About this exercise
Copy every line from the material below that holds "Subsystem".

··· Data provided

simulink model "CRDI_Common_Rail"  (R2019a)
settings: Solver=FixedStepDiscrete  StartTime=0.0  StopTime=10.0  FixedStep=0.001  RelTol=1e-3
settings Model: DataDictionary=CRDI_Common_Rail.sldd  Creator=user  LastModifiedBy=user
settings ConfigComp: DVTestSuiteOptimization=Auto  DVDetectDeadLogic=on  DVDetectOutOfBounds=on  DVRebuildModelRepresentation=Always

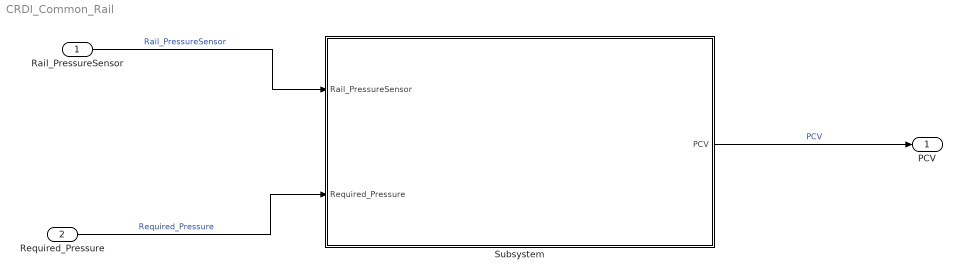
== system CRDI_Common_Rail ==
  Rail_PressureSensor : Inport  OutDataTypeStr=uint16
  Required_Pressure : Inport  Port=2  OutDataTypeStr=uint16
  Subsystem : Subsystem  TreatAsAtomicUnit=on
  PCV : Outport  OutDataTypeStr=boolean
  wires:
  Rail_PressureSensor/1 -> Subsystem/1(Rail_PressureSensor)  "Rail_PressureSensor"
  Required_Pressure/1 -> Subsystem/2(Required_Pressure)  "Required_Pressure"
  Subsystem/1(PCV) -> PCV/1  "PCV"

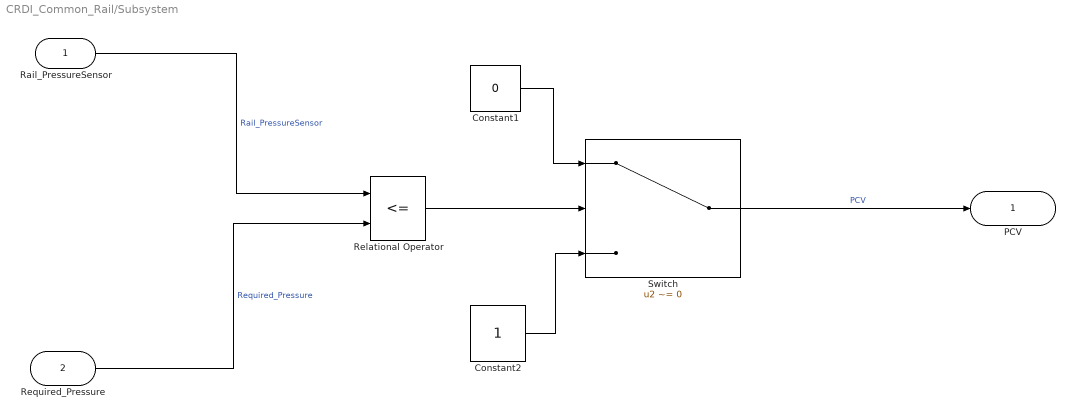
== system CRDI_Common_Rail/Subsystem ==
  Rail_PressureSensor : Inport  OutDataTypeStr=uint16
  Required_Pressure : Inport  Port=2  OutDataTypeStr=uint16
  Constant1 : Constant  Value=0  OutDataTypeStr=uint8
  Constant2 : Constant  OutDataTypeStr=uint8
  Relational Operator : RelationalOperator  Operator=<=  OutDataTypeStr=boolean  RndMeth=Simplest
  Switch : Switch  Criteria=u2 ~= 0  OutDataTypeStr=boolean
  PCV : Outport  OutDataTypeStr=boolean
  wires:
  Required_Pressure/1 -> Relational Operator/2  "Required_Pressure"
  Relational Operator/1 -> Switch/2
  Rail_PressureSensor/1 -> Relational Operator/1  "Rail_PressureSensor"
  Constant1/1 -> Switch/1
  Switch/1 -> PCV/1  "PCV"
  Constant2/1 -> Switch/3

······

Output
  Subsystem : Subsystem  TreatAsAtomicUnit=on
  Rail_PressureSensor/1 -> Subsystem/1(Rail_PressureSensor)  "Rail_PressureSensor"
  Required_Pressure/1 -> Subsystem/2(Required_Pressure)  "Required_Pressure"
  Subsystem/1(PCV) -> PCV/1  "PCV"
== system CRDI_Common_Rail/Subsystem ==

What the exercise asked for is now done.